# "Old Towne Orange" monthly Ride, August 14th, 2022 OC CA



## tripple3 (Aug 1, 2022)

Theme: Summer LOVE!!!
Old Towne Orange Monthly Bike Ride, Aug.14th, 2022
What: Vintage Bike Ride through historic neighborhoods and bike trails. We will stop at interesting locations and finish with a lunch stop.
Theme: Summer LOVE!!!
When: Sunday July10th, Meet at 10:00am and kickstands up at 10:30am Sharp. Every 2nd Sunday, every month.😁
Where: Ride starts at the fountain in the middle of the traffic circle at Chapman and Glassell in the city of Orange.
Who: Anyone who can ride a bike. We ask for vintage or classic type bicycles only. Pace is slow-ish and hills _are minimal_.
Always a great time; come on out, let's Ride.




Summer LOVE!!!
Ride your bike that you Love Most!
The bike that gets the BEST bits and Coolest Accessories....
This 1936 Electric, C-model Schwinn.😍🥰🥳😎☺️



Post up What Bike will YOU Ride???
Happy AUGUST!!!


----------



## catfish (Aug 1, 2022)

I'm very sorry to hear that Watson's is closing. I eat there every time I go to Orange.


----------



## Misterotis (Aug 1, 2022)

Won't be able to make it this month, see y'all in September


----------



## tripple3 (Aug 3, 2022)

tripple3 said:


> Summer LOVE!!!
> Ride your bike that you Love Most!



Goodness Gracious! I truly Love this 1937 Syracuse, Westfield 60th Anniversary, "Dad's Bike".🥳🥰😍


----------



## cyclingday (Aug 3, 2022)

Far out, Man!
I hear Wavy Gravy’s trippin on his Psychedelic Airflo.


----------



## mrg (Aug 3, 2022)

OC love


----------



## tripple3 (Aug 10, 2022)

Bump up this Sunday’s ride for love…



Really really really, looking forward to this. Love to ride!


----------



## tripple3 (Aug 14, 2022)

tripple3 said:


> Come on out; tag some usual suspects and dreamers @WetDogGraphix @cyclingday @cyclonecoaster.com @fordmike65 @birdzgarage @Cory @mrg @rustjunkie @Schwinn499 @schwinnja @Bajaway @kevin x @Goatroper @lounging @rcole45 @hm. @hector @TWBikesnstripes @DonChristie @New Mexico Brant @Jarod24 @Jimmy V @Velocipedist Co. @GTs58 @sorryididnttagu



Bike Ride today, Old Towne Orange; BUMP.
Did the Quoted tags from before alert you?
CABErs like to Know.😎



Family-Time Love in Idaho last week.
Bike Family fun TODAY!!!🥳🥰😎


----------



## The Hat (Aug 14, 2022)




----------



## The Hat (Aug 14, 2022)




----------



## YenkoStingerMaxx (Aug 14, 2022)

I had fun today as a first timer on this ride. Can't wait to attend again. Thanks guys!


----------



## tripple3 (Aug 14, 2022)

Great to see everyone, and their BIKES!
Road-trippers @poolboy1 & @Robertriley and their awesome bikes;
thanks for making the trip and bringing Great bikes, and your daughter too Chris.😘











Great bikes out today for Summer LOVE!!!🥰🥳😎


----------



## cyclingday (Aug 14, 2022)

This sign pretty much says it all.
Welcome, to the Old Towne Orange Ride!






Ted’s tricked out straightbar.
It’s probably hard to see, but check out the rear hub and cantilever brake action.

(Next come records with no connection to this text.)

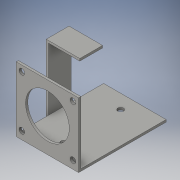
# Autodesk Inventor part: MotorClamp
Saved by Autodesk Inventor 2016 (Build 200138000, 138)
## iProperties
Created: 2016-11-29
Part Number: MotorClamp
Material: Generic
Document SubType Name: Sheet Metal
Designer: Evan Phil George
Density: 1 g/cm^3
Appearance: Light Gray
Sheet Metal Rule: Default
Author: Evan Phil George
Autodesk Inventor part; units mm, degrees
ref_plane "YZ Plane" through (0, 0, 0) normal (1, 0, 0) x (0, 1, 0)
ref_plane "XZ Plane" through (0, 0, 0) normal (0, 1, 0) x (-1, 0, 0)
ref_plane "XY Plane" through (0, 0, 0) normal (0, 0, 1) x (1, 0, 0)
sketch "Sketch1" plane through (0, 0, 0) normal (0, 0, 1) x (1, 0, 0)
  line L0 (-27.5, 27.5) -> (27.5, 27.5)
  line L1 (27.5, 27.5) -> (27.5, -27.5)
  line L2 (27.5, -27.5) -> (-27.5, -27.5)
  line L3 (-27.5, -27.5) -> (-27.5, 27.5)
  circle A0 centre (-22.5, 22.5) radius 2.5
  circle A1 centre (22.5, 22.5) radius 2.5
  circle A2 centre (-22.5, -22.5) radius 2.5
  circle A3 centre (22.5, -22.5) radius 2.5
  circle A4 centre (0, 0) radius 19.25
  dimension "d1" = 55
  dimension "d2" = 55
  dimension "d3" = 27.5
  dimension "d4" = 27.5
  dimension "d5" = 38.5
  dimension "d6" = 5
  dimension "d7" = 5
  dimension "d8" = 5
  dimension "d9" = 5
  dimension "d10" = 5
  dimension "d11" = 5
  dimension "d12" = 5
  dimension "d13" = 5
  dimension "d14" = 5
  dimension "d15" = 5
  dimension "d16" = 5
  dimension "d17" = 5
  constraints: 8 end point, 5 centre point, 2 parallel, 1 coincident, 1 horizontal, 1 perpendicular
  measures "d1" distance of L0.start L0.end
  measures "d2" distance of L0.end L1.end
  measures "d3" distance from line of point (0, 0) L1
  measures "d4" distance from line of point (0, 0) L0
  measures "d5" diameter of A4
  measures "d6" diameter of A0
  measures "d7" distance from line of A0.centre L0
  measures "d8" distance from line of L3 A0.centre
  measures "d9" diameter of A1
  measures "d10" distance from line of A1.centre L0
  measures "d11" distance from line of A1.centre L1
  measures "d12" diameter of A3
  measures "d13" distance from line of L2 A3.centre
  measures "d14" distance from line of A3.centre L1
  measures "d15" diameter of A2
  measures "d16" distance from line of L2 A2.centre
  measures "d17" distance from line of L3 A2.centre
extrude "Extrusion1" add sketch "Sketch1" along normal blind 2
sketch "Sketch2" plane through (27.5, -27.5, 0) normal (1, 0, 0) x (0, 0, -1)
  line L0 (0, 0) -> (-2, 0) projected
  line L1 (0, 0) -> (75, 0)
  line L2 (75, 0) -> (75, -2)
  line L3 (75, -2) -> (-2, -2)
  line L4 (-2, -2) -> (-2, 0)
  point P0 (0, 27.5)
  dimension "d20" = 75
  dimension "d21" = 2
  dimension "d22" = 77
  constraints: 8 end point, 2 horizontal, 1 vertical
  measures "d20" distance of L0.start L1.end
  measures "d21" distance of L1.end L2.end
  measures "d22" distance of L2.end L3.end
extrude "Extrusion2" add sketch "Sketch2" against normal blind 55
sketch "Sketch3" plane through (-27.5, -27.5, 0) normal (-1, 0, 0) x (0, 0, 1)
  line L0 (-75, -2) -> (2, -2) projected
  line L1 (-36.5, -2) -> (-36.5, 55)
  line L2 (0, 0) -> (-75, 0) projected
  line L3 (-36.5, 55) -> (-46.5, 55)
  line L4 (-46.5, 55) -> (-46.5, -2)
  line L5 (-46.5, -2) -> (-26.5, -2)
  line L6 (-26.5, -2) -> (-26.5, 55)
  line L7 (-26.5, 55) -> (-36.5, 55)
  point P0 (0, 27.5)
  dimension "d25" = 57
  dimension "d26" = 10
  dimension "d27" = 57
  dimension "d28" = 20
  dimension "d29" = 57
  constraints: 12 end point, 3 point on line, 1 collinear, 1 horizontal, 1 midpoint, 1 perpendicular
  measures "d25" distance of L1.start L1.end
  measures "d26" distance of L1.end L3.end
  measures "d27" distance of L3.end L4.end
  measures "d28" distance of L4.end L5.end
  measures "d29" distance of L5.end L6.end
extrude "Extrusion3" add sketch "Sketch3" along normal blind 2
sketch "Sketch4" plane through (-27.5, 27.5, -26.5) normal (0, 1, 0) x (1, 0, 0)
  line L0 (-2, 0) -> (-2, 20) projected
  line L1 (-2, 20) -> (27.5, 20)
  line L2 (27.5, 20) -> (27.5, 0)
  line L3 (0, 0) -> (-2, 0) projected
  line L4 (27.5, 0) -> (-2, 0)
  line L5 (-2, 0) -> (-2, 20)
  point P0 (27.5, -26.5)
  dimension "d32" = 29.5
  dimension "d33" = 20
  constraints: 8 end point, 1 collinear, 1 horizontal, 1 vertical
  measures "d32" distance of L0.end L1.end
  measures "d33" distance of L1.end L2.end
extrude "Extrusion4" add sketch "Sketch4" along normal blind 2
sketch "Sketch5" plane through (27.5, -27.5, 0) normal (0, 1, 0) x (1, 0, 0)
  line L0 (0, 75) -> (0, 0) projected
  line L1 (0, 37.5) -> (-27.5, 37.5)
  line L2 (-27.5, 37.5) -> (-27.5, 62.5)
  line L3 (-27.5, 26.5) -> (-27.5, 46.5) projected
  line L4 (-27.5, 37.5) -> (-27.5, 12.5)
  circle A0 centre (-27.5, 62.5) radius 2.5
  circle A1 centre (-27.5, 12.5) radius 2.5
  point P0 (-27.5, 0)
  dimension "d36" = 27.5
  dimension "d37" = 25
  dimension "d38" = 25
  dimension "d39" = 5
  dimension "d40" = 5
  constraints: 6 end point, 2 centre point, 2 coincident, 1 collinear, 1 horizontal, 1 midpoint, 1 point on line
  measures "d36" distance of L1.start L1.end
  measures "d37" distance of L1.end L2.end
  measures "d38" distance of L1.end L4.end
  measures "d39" diameter of A0
  measures "d40" diameter of A1
extrude "Extrusion5" cut sketch "Sketch5" against normal blind 2
equation "\"BendRadius\" = Thickness"
equation "\"BendReliefWidth\" = Thickness"
equation "\"BendReliefDepth\" = 0.5 * Thickness"
equation "\"CornerReliefSize\" = 4 * Thickness"
equation "\"MinimumRemnant\" = 2 * Thickness"
equation "\"TransitionRadius\" = BendRadius"
equation "\"JacobiRadiusSize\" = Thickness"
equation "\"GapSize\" = Thickness"
equation "\"Thickness\" = 0.5"
body "Solid1"

Way cool, use of the 1949, clamp on accessory brakes, front, AND REAR!



Firebird Nirvana!



Cliff, Super Streamlining it.



The gangs all here.






Marianne on her righteous, 1940 Elgin, Four Star, Sports Deluxe.



Here’s a better shot of Big Ted’s custom rear brake application.



Cory on the Red Phantom.



This is what the Lynyrd Skynyrd song is all about.


Going fenderless on a hot day.



So, we did!



Tripple3’s bike creating sparks everywhere it goes.


Heavenly Huffman.



Did I mention how badass Martyn’s Firebird is?
Oh yeah!
It’s a beauty!



And here we are,
The Old Towne Orange Riders, spreading the love under the Big Kahuna.
Thanks for coming out, and bringing the fabulous rides to the ride.
See you next month!


----------



## mrg (Aug 15, 2022)

Another great summer day in the OC, still riding the fenderless Elgin just because I can put my water in the toolbox tank! oh it rides pretty good also😎, all the other riders pics cover it all!


----------



## Misterotis (Aug 18, 2022)

tripple3 said:


> Great to see everyone, and their BIKES!
> Road-trippers @poolboy1 & @Robertriley and their awesome bikes;
> thanks for making the trip and bringing Great bikes, and your daughter too Chris.😘
> View attachment 1679747View attachment 1679749View attachment 1679750View attachment 1679751View attachment 1679752
> Great bikes out today for Summer LOVE!!!🥰🥳😎



Mark, who painted your tank? That is so cool.


----------



## tripple3 (Aug 19, 2022)

Misterotis said:


> Mark, who painted your tank? That is so cool.



Tom @TWBikesnstripes The One and Only 1🥰











						1936 Electric C model | Classic Balloon Tire Bicycles 1933-1965
					

You're welcome! I'm glad that riggers bag finally came into use for someone. I'll bet a celphone or a Hamms pounder would fit too :) Next time you're in the PNW, stop by. I'm 100 miles east of Lewiston on Hwy 12......  The LCV is such a beautiful part of land!!




					thecabe.com


----------



## Robertriley (Aug 20, 2022)

tripple3 said:


> Great to see everyone, and their BIKES!
> Road-trippers @poolboy1 & @Robertriley and their awesome bikes;
> thanks for making the trip and bringing Great bikes, and your daughter too Chris.😘
> View attachment 1679747View attachment 1679749View attachment 1679750View attachment 1679751View attachment 1679752
> Great bikes out today for Summer LOVE!!!🥰🥳😎



Thanks Mark.  I will have to get out more often.


----------